# Results from the Hunt Expo



## Bowdacious (Sep 16, 2007)

Just checked the website for the hunt expo and the results from all the draws are already out. CONGRATS to all the lucky winners! :wink: Unfortunately I was not among the chosen few. Good luck on all your hunts!


----------



## GaryFish (Sep 7, 2007)

Here's the link to the results.

http://www.huntexpo.com/permitWinners.html


----------



## proutdoors (Sep 24, 2007)

Looks like coyoteslayer drew an antelope tag! Congrats.


----------



## proutdoors (Sep 24, 2007)

John Bair drew the best rocky bighorn tag in the state. I am NOT questioning the legitimacy of the draw, but how long do you think it will take until people make a big deal about someone so high up in SFW drawing such a tag? I like John and I wish him good luck, I'm betting on him getting a 190+ ram.


----------



## .45 (Sep 21, 2007)

proutdoors said:


> Looks like coyoteslayer drew an antelope tag! Congrats.


WTF ???? Here is a quote from him earlier, I think he was trying to steer us away from a win.... :wink:



> by coyoteslayer on 24 Jan 2010, 17:34
> 
> How many people are excited for this awesome hunting expo? It looks like it will be another good one.
> 
> The draw odds are very crappy. It's like 1 in 10,000 to draw one of the 200 hunts so you might as well spend your money on your wife for Valentines Day to keep her happy.


----------



## TAK (Sep 9, 2007)

WTF.... Rhett Karren drew ANOTHER tag! THis time a Sheep!


----------



## gdog (Sep 13, 2007)

Buddy drew the South Slope Diamond Mnt. Archery Elk tag.


----------



## proutdoors (Sep 24, 2007)

.45 said:


> proutdoors said:
> 
> 
> > Looks like coyoteslayer drew an antelope tag! Congrats.
> ...


You can't trust the little feller! Sneaking little bastage.


----------



## Treehugnhuntr (Sep 7, 2007)

Man, maybe I should rethink my strategy, 4 or 5 years of not putting in could land me a decent auction tag!


----------



## Raptorman (Aug 18, 2009)

Another donation from me, oh well though thats what I expected. Good luck to those that did draw!


----------



## proutdoors (Sep 24, 2007)

I think a relative of sawsman drew a Book Cliffs deer tag as well.


----------



## .45 (Sep 21, 2007)

proutdoors said:


> I think a relative of sawsman drew a Book Cliffs deer tag as well.

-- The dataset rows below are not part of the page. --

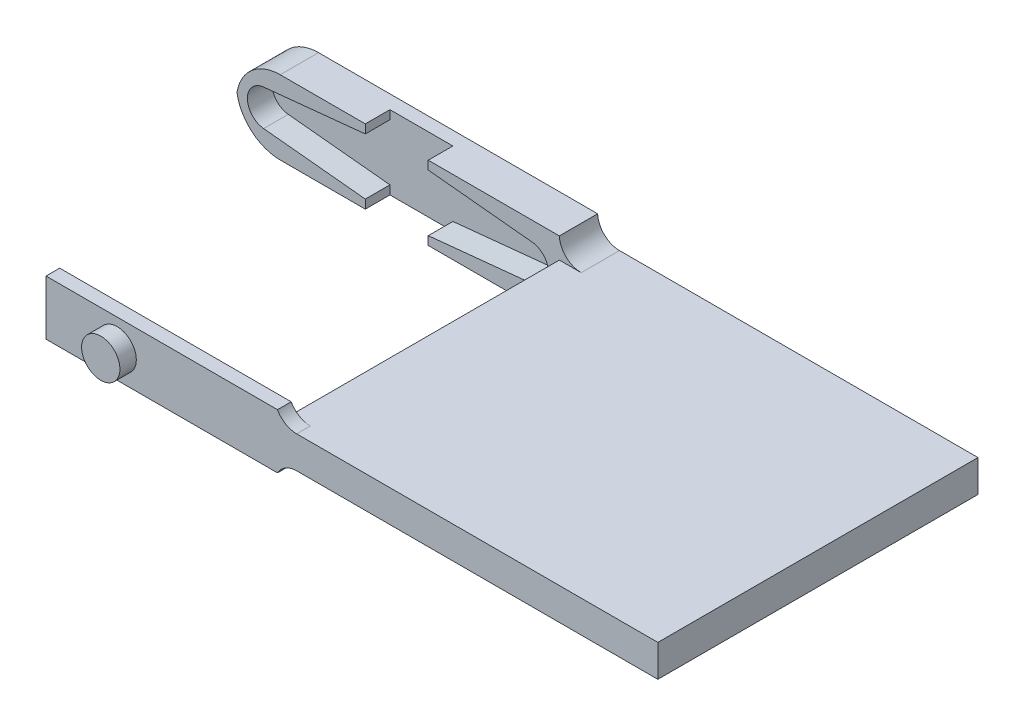
ISO-10303-21;
HEADER;
FILE_DESCRIPTION(('STEP AP214'),'2;1');
FILE_NAME('part.step','',(''),(''),'','','');
FILE_SCHEMA(('AUTOMOTIVE_DESIGN { 1 0 10303 214 1 1 1 1 }'));
ENDSEC;
DATA;
#1=APPLICATION_CONTEXT('core data for automotive mechanical design processes');
#2=APPLICATION_PROTOCOL_DEFINITION('international standard','automotive_design',2000,#1);
#3=PRODUCT_CONTEXT('',#1,'mechanical');
#4=PRODUCT('Part','Part','',(#3));
#5=PRODUCT_RELATED_PRODUCT_CATEGORY('part','',(#4));
#6=PRODUCT_DEFINITION_FORMATION('','',#4);
#7=PRODUCT_DEFINITION_CONTEXT('part definition',#1,'design');
#8=PRODUCT_DEFINITION('design','',#6,#7);
#9=PRODUCT_DEFINITION_SHAPE('','',#8);
#10=(LENGTH_UNIT() NAMED_UNIT(*) SI_UNIT(.MILLI.,.METRE.));
#11=(NAMED_UNIT(*) PLANE_ANGLE_UNIT() SI_UNIT($,.RADIAN.));
#12=(NAMED_UNIT(*) SI_UNIT($,.STERADIAN.) SOLID_ANGLE_UNIT());
#13=UNCERTAINTY_MEASURE_WITH_UNIT(LENGTH_MEASURE(1.E-05),#10,'distance_accuracy_value','');
#14=(GEOMETRIC_REPRESENTATION_CONTEXT(3) GLOBAL_UNCERTAINTY_ASSIGNED_CONTEXT((#13)) GLOBAL_UNIT_ASSIGNED_CONTEXT((#10,
#11,#12)) REPRESENTATION_CONTEXT('',''));
#15=CARTESIAN_POINT('',(0.,0.,0.));
#16=DIRECTION('',(0.,0.,1.));
#17=DIRECTION('',(1.,0.,0.));
#18=AXIS2_PLACEMENT_3D('',#15,#16,#17);
#19=CARTESIAN_POINT('',(0.,0.,29.25));
#20=DIRECTION('',(0.,0.,1.));
#21=DIRECTION('',(1.,0.,0.));
#22=AXIS2_PLACEMENT_3D('',#19,#20,#21);
#23=PLANE('',#22);
#24=DIRECTION('',(1.,0.,0.));
#25=VECTOR('',#24,1.);
#26=CARTESIAN_POINT('',(0.,4.83707186120483,29.25));
#27=LINE('',#26,#25);
#28=CARTESIAN_POINT('',(16.5034017605437,4.83707186120483,29.25));
#29=VERTEX_POINT('',#28);
#30=CARTESIAN_POINT('',(49.5,4.83707186120483,29.25));
#31=VERTEX_POINT('',#30);
#32=EDGE_CURVE('E511',#29,#31,#27,.T.);
#33=ORIENTED_EDGE('',*,*,#32,.F.);
#34=CARTESIAN_POINT('',(16.5034017605437,6.83707186120483,29.25));
#35=DIRECTION('',(0.,0.,1.));
#36=DIRECTION('',(1.,0.,0.));
#37=AXIS2_PLACEMENT_3D('',#34,#35,#36);
#38=CIRCLE('',#37,2.);
#39=CARTESIAN_POINT('',(14.75,5.87500000000001,29.25));
#40=VERTEX_POINT('',#39);
#41=EDGE_CURVE('E447',#29,#40,#38,.F.);
#42=ORIENTED_EDGE('',*,*,#41,.T.);
#43=DIRECTION('',(1.,0.,0.));
#44=VECTOR('',#43,1.);
#45=CARTESIAN_POINT('',(0.,5.87500000000001,29.25));
#46=LINE('',#45,#44);
#47=CARTESIAN_POINT('',(-6.4,5.875,29.25));
#48=VERTEX_POINT('',#47);
#49=EDGE_CURVE('E472',#48,#40,#46,.T.);
#50=ORIENTED_EDGE('',*,*,#49,.F.);
#51=DIRECTION('',(0.,-1.,0.));
#52=VECTOR('',#51,1.);
#53=CARTESIAN_POINT('',(-6.4,0.,29.25));
#54=LINE('',#53,#52);
#55=CARTESIAN_POINT('',(-6.4,0.875000000000003,29.25));
#56=VERTEX_POINT('',#55);
#57=EDGE_CURVE('E475',#48,#56,#54,.T.);
#58=ORIENTED_EDGE('',*,*,#57,.T.);
#59=DIRECTION('',(1.,0.,0.));
#60=VECTOR('',#59,1.);
#61=CARTESIAN_POINT('',(0.,0.875000000000003,29.25));
#62=LINE('',#61,#60);
#63=CARTESIAN_POINT('',(14.75,0.875000000000003,29.25));
#64=VERTEX_POINT('',#63);
#65=EDGE_CURVE('E490',#56,#64,#62,.T.);
#66=ORIENTED_EDGE('',*,*,#65,.T.);
#67=CARTESIAN_POINT('',(16.5034017605437,-0.0870718612048299,29.25));
#68=DIRECTION('',(0.,0.,1.));
#69=DIRECTION('',(1.,0.,0.));
#70=AXIS2_PLACEMENT_3D('',#67,#68,#69);
#71=CIRCLE('',#70,2.);
#72=CARTESIAN_POINT('',(16.5034017605437,1.91292813879517,29.25));
#73=VERTEX_POINT('',#72);
#74=EDGE_CURVE('E451',#64,#73,#71,.F.);
#75=ORIENTED_EDGE('',*,*,#74,.T.);
#76=DIRECTION('',(1.,0.,0.));
#77=VECTOR('',#76,1.);
#78=CARTESIAN_POINT('',(0.,1.91292813879517,29.25));
#79=LINE('',#78,#77);
#80=CARTESIAN_POINT('',(49.5,1.91292813879517,29.25));
#81=VERTEX_POINT('',#80);
#82=EDGE_CURVE('E513',#73,#81,#79,.T.);
#83=ORIENTED_EDGE('',*,*,#82,.T.);
#84=DIRECTION('',(0.,-1.,0.));
#85=VECTOR('',#84,1.);
#86=CARTESIAN_POINT('',(49.5,0.,29.25));
#87=LINE('',#86,#85);
#88=EDGE_CURVE('E515',#31,#81,#87,.T.);
#89=ORIENTED_EDGE('',*,*,#88,.F.);
#90=EDGE_LOOP('',(#33,#42,#50,#58,#66,#75,#83,#89));
#91=FACE_BOUND('',#90,.T.);
#92=CARTESIAN_POINT('',(0.102107464172212,3.37499999999922,29.25));
#93=DIRECTION('',(0.,0.,1.));
#94=DIRECTION('',(1.,0.,0.));
#95=AXIS2_PLACEMENT_3D('',#92,#93,#94);
#96=CIRCLE('',#95,1.75000000000137);
#97=CARTESIAN_POINT('',(1.85210746417358,3.37499999999922,29.25));
#98=VERTEX_POINT('',#97);
#99=EDGE_CURVE('E594',#98,#98,#96,.T.);
#100=ORIENTED_EDGE('',*,*,#99,.F.);
#101=EDGE_LOOP('',(#100));
#102=FACE_BOUND('',#101,.T.);
#103=ADVANCED_FACE('F141',(#91,#102),#23,.T.);
#104=CARTESIAN_POINT('',(0.,0.,3.5));
#105=DIRECTION('',(0.,0.,1.));
#106=DIRECTION('',(1.,0.,0.));
#107=AXIS2_PLACEMENT_3D('',#104,#105,#106);
#108=PLANE('',#107);
#109=DIRECTION('',(0.,-1.,0.));
#110=VECTOR('',#109,1.);
#111=CARTESIAN_POINT('',(-2.97710746417331,0.,3.5));
#112=LINE('',#111,#110);
#113=CARTESIAN_POINT('',(-2.97710746417331,0.799354218210046,3.5));
#114=VERTEX_POINT('',#113);
#115=CARTESIAN_POINT('',(-2.97710746417331,0.,3.5));
#116=VERTEX_POINT('',#115);
#117=EDGE_CURVE('E332',#114,#116,#112,.T.);
#118=ORIENTED_EDGE('',*,*,#117,.F.);
#119=DIRECTION('',(0.994982658758142,-0.10004753255617,0.));
#120=VECTOR('',#119,1.);
#121=CARTESIAN_POINT('',(0.0497727799724651,0.494995245614711,3.5));
#122=LINE('',#121,#120);
#123=CARTESIAN_POINT('',(-12.2650784287177,1.73327861304907,3.5));
#124=VERTEX_POINT('',#123);
#125=EDGE_CURVE('E372',#124,#114,#122,.T.);
#126=ORIENTED_EDGE('',*,*,#125,.F.);
#127=CARTESIAN_POINT('',(-12.1,3.375,3.5));
#128=DIRECTION('',(0.,0.,1.));
#129=DIRECTION('',(1.,0.,0.));
#130=AXIS2_PLACEMENT_3D('',#127,#128,#129);
#131=CIRCLE('',#130,1.65);
#132=CARTESIAN_POINT('',(-12.2650784287177,5.01672138695093,3.5));
#133=VERTEX_POINT('',#132);
#134=EDGE_CURVE('E374',#133,#124,#131,.T.);
#135=ORIENTED_EDGE('',*,*,#134,.F.);
#136=DIRECTION('',(0.994982658758143,0.100047532556171,0.));
#137=VECTOR('',#136,1.);
#138=CARTESIAN_POINT('',(-0.622159749655816,6.18744057018389,3.5));
#139=LINE('',#138,#137);
#140=CARTESIAN_POINT('',(-2.97710746417331,5.95064578178995,3.5));
#141=VERTEX_POINT('',#140);
#142=EDGE_CURVE('E377',#133,#141,#139,.T.);
#143=ORIENTED_EDGE('',*,*,#142,.T.);
#144=DIRECTION('',(0.,-1.,0.));
#145=VECTOR('',#144,1.);
#146=CARTESIAN_POINT('',(-2.97710746417331,6.74999999999965,3.5));
#147=LINE('',#146,#145);
#148=CARTESIAN_POINT('',(-2.97710746417331,6.74999999999965,3.5));
#149=VERTEX_POINT('',#148);
#150=EDGE_CURVE('E607',#149,#141,#147,.T.);
#151=ORIENTED_EDGE('',*,*,#150,.F.);
#152=DIRECTION('',(1.,0.,0.));
#153=VECTOR('',#152,1.);
#154=CARTESIAN_POINT('',(0.,6.75,3.5));
#155=LINE('',#154,#153);
#156=CARTESIAN_POINT('',(-10.75,6.75,3.5));
#157=VERTEX_POINT('',#156);
#158=EDGE_CURVE('E363',#157,#149,#155,.T.);
#159=ORIENTED_EDGE('',*,*,#158,.F.);
#160=CARTESIAN_POINT('',(-10.75,2.75,3.5));
#161=DIRECTION('',(0.,0.,1.));
#162=DIRECTION('',(1.,0.,0.));
#163=AXIS2_PLACEMENT_3D('',#160,#161,#162);
#164=CIRCLE('',#163,4.);
#165=CARTESIAN_POINT('',(-14.7008701573198,3.37499999999999,3.5));
#166=VERTEX_POINT('',#165);
#167=EDGE_CURVE('E150',#157,#166,#164,.T.);
#168=ORIENTED_EDGE('',*,*,#167,.T.);
#169=CARTESIAN_POINT('',(-10.75,4.,3.5));
#170=DIRECTION('',(0.,0.,1.));
#171=DIRECTION('',(1.,0.,0.));
#172=AXIS2_PLACEMENT_3D('',#169,#170,#171);
#173=CIRCLE('',#172,4.);
#174=CARTESIAN_POINT('',(-10.75,0.,3.5));
#175=VERTEX_POINT('',#174);
#176=EDGE_CURVE('E356',#166,#175,#173,.T.);
#177=ORIENTED_EDGE('',*,*,#176,.T.);
#178=DIRECTION('',(1.,0.,0.));
#179=VECTOR('',#178,1.);
#180=CARTESIAN_POINT('',(0.,0.,3.5));
#181=LINE('',#180,#179);
#182=EDGE_CURVE('E349',#175,#116,#181,.T.);
#183=ORIENTED_EDGE('',*,*,#182,.T.);
#184=EDGE_LOOP('',(#118,#126,#135,#143,#151,#159,#168,#177,#183));
#185=FACE_BOUND('',#184,.T.);
#186=ADVANCED_FACE('F354',(#185),#108,.T.);
#187=CARTESIAN_POINT('',(14.75,0.,29.25));
#188=DIRECTION('',(1.,0.,0.));
#189=DIRECTION('',(0.,1.,0.));
#190=AXIS2_PLACEMENT_3D('',#187,#188,#189);
#191=PLANE('',#190);
#192=DIRECTION('',(0.,-1.,0.));
#193=VECTOR('',#192,1.);
#194=CARTESIAN_POINT('',(14.75,0.,28.));
#195=LINE('',#194,#193);
#196=CARTESIAN_POINT('',(14.75,4.83707186120483,28.));
#197=VERTEX_POINT('',#196);
#198=CARTESIAN_POINT('',(14.75,1.91292813879517,28.));
#199=VERTEX_POINT('',#198);
#200=EDGE_CURVE('E486',#197,#199,#195,.T.);
#201=ORIENTED_EDGE('',*,*,#200,.F.);
#202=DIRECTION('',(0.,0.,-1.));
#203=VECTOR('',#202,1.);
#204=CARTESIAN_POINT('',(14.75,4.83707186120483,29.25));
#205=LINE('',#204,#203);
#206=CARTESIAN_POINT('',(14.75,4.83707186120483,3.5));
#207=VERTEX_POINT('',#206);
#208=EDGE_CURVE('E529',#197,#207,#205,.T.);
#209=ORIENTED_EDGE('',*,*,#208,.T.);
#210=DIRECTION('',(0.,-1.,0.));
#211=VECTOR('',#210,1.);
#212=CARTESIAN_POINT('',(14.75,0.,3.5));
#213=LINE('',#212,#211);
#214=CARTESIAN_POINT('',(14.75,1.91292813879517,3.5));
#215=VERTEX_POINT('',#214);
#216=EDGE_CURVE('E386',#207,#215,#213,.T.);
#217=ORIENTED_EDGE('',*,*,#216,.T.);
#218=DIRECTION('',(0.,0.,-1.));
#219=VECTOR('',#218,1.);
#220=CARTESIAN_POINT('',(14.75,1.91292813879517,29.25));
#221=LINE('',#220,#219);
#222=EDGE_CURVE('E526',#199,#215,#221,.T.);
#223=ORIENTED_EDGE('',*,*,#222,.F.);
#224=EDGE_LOOP('',(#201,#209,#217,#223));
#225=FACE_BOUND('',#224,.T.);
#226=ADVANCED_FACE('F649',(#225),#191,.F.);
#227=CARTESIAN_POINT('',(0.622159749655816,6.18744057018389,3.5));
#228=DIRECTION('',(-0.100047532556171,-0.994982658758142,0.));
#229=DIRECTION('',(0.994982658758142,-0.100047532556171,0.));
#230=AXIS2_PLACEMENT_3D('',#227,#228,#229);
#231=PLANE('',#230);
#232=DIRECTION('',(0.,0.,1.));
#233=VECTOR('',#232,1.);
#234=CARTESIAN_POINT('',(2.77289253582693,5.97118000870572,3.5));
#235=LINE('',#234,#233);
#236=CARTESIAN_POINT('',(2.77289253582693,5.97118000870572,1.24999999999997));
#237=VERTEX_POINT('',#236);
#238=CARTESIAN_POINT('',(2.77289253582693,5.97118000870572,3.5));
#239=VERTEX_POINT('',#238);
#240=EDGE_CURVE('E165',#237,#239,#235,.T.);
#241=ORIENTED_EDGE('',*,*,#240,.F.);
#242=DIRECTION('',(-0.994982658758143,0.100047532556171,0.));
#243=VECTOR('',#242,1.);
#244=CARTESIAN_POINT('',(0.622159749655816,6.18744057018389,1.25));
#245=LINE('',#244,#243);
#246=CARTESIAN_POINT('',(12.2650784287177,5.01672138695093,1.25));
#247=VERTEX_POINT('',#246);
#248=EDGE_CURVE('E535',#247,#237,#245,.T.);
#249=ORIENTED_EDGE('',*,*,#248,.F.);
#250=DIRECTION('',(0.,0.,-1.));
#251=VECTOR('',#250,1.);
#252=CARTESIAN_POINT('',(12.2650784287177,5.01672138695093,3.5));
#253=LINE('',#252,#251);
#254=CARTESIAN_POINT('',(12.2650784287177,5.01672138695093,3.5));
#255=VERTEX_POINT('',#254);
#256=EDGE_CURVE('E397',#255,#247,#253,.T.);
#257=ORIENTED_EDGE('',*,*,#256,.F.);
#258=DIRECTION('',(-0.994982658758143,0.100047532556171,0.));
#259=VECTOR('',#258,1.);
#260=CARTESIAN_POINT('',(0.622159749655816,6.18744057018389,3.5));
#261=LINE('',#260,#259);
#262=EDGE_CURVE('E357',#255,#239,#261,.T.);
#263=ORIENTED_EDGE('',*,*,#262,.T.);
#264=EDGE_LOOP('',(#241,#249,#257,#263));
#265=FACE_BOUND('',#264,.T.);
#266=ADVANCED_FACE('F664',(#265),#231,.T.);
#267=CARTESIAN_POINT('',(12.1,3.375,3.5));
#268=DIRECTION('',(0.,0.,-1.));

Nope, I called him. He doesn't know him.


----------



## proutdoors (Sep 24, 2007)

.45 said:


> proutdoors said:
> 
> 
> > I think a relative of sawsman drew a Book Cliffs deer tag as well.
> ...


----------



## bigbuckhunter64 (May 6, 2008)

An uncle drew Bookcliffs roadless any weapon, a buddy from Moab drew Monroe any weapon and another friend drew a Manti tag....WTF do I have to do?


----------



## coyoteslayer (Sep 10, 2007)

WOOOHOOOOO *()* *()* *()* *()* *()* *()* *()* *()* *()* *()* *()* -*|*- -*|*- -*|*- *(())* *(())* *(())* *(())* *(())* 

<<--O/ -8/- -8/- -8/-


----------



## El Matador (Dec 21, 2007)

Clay Egan drew a Manti bull tag, good for him. He's the paraplegic rockcrawling guy that competes in UROC.


----------



## coyoteslayer (Sep 10, 2007)

> WTF ???? Here is a quote from him earlier, I think he was trying to steer us away from a win....


.45, I would never do such a thing :wink:


----------



## sawsman (Sep 13, 2007)

Congrats coyoteslayer!! :-|O|-:



bigbuckhunter64 said:


> An uncle drew Bookcliffs roadless any weapon, a buddy from Moab drew Monroe any weapon and another friend drew a Manti tag....*WTF do I have to do*?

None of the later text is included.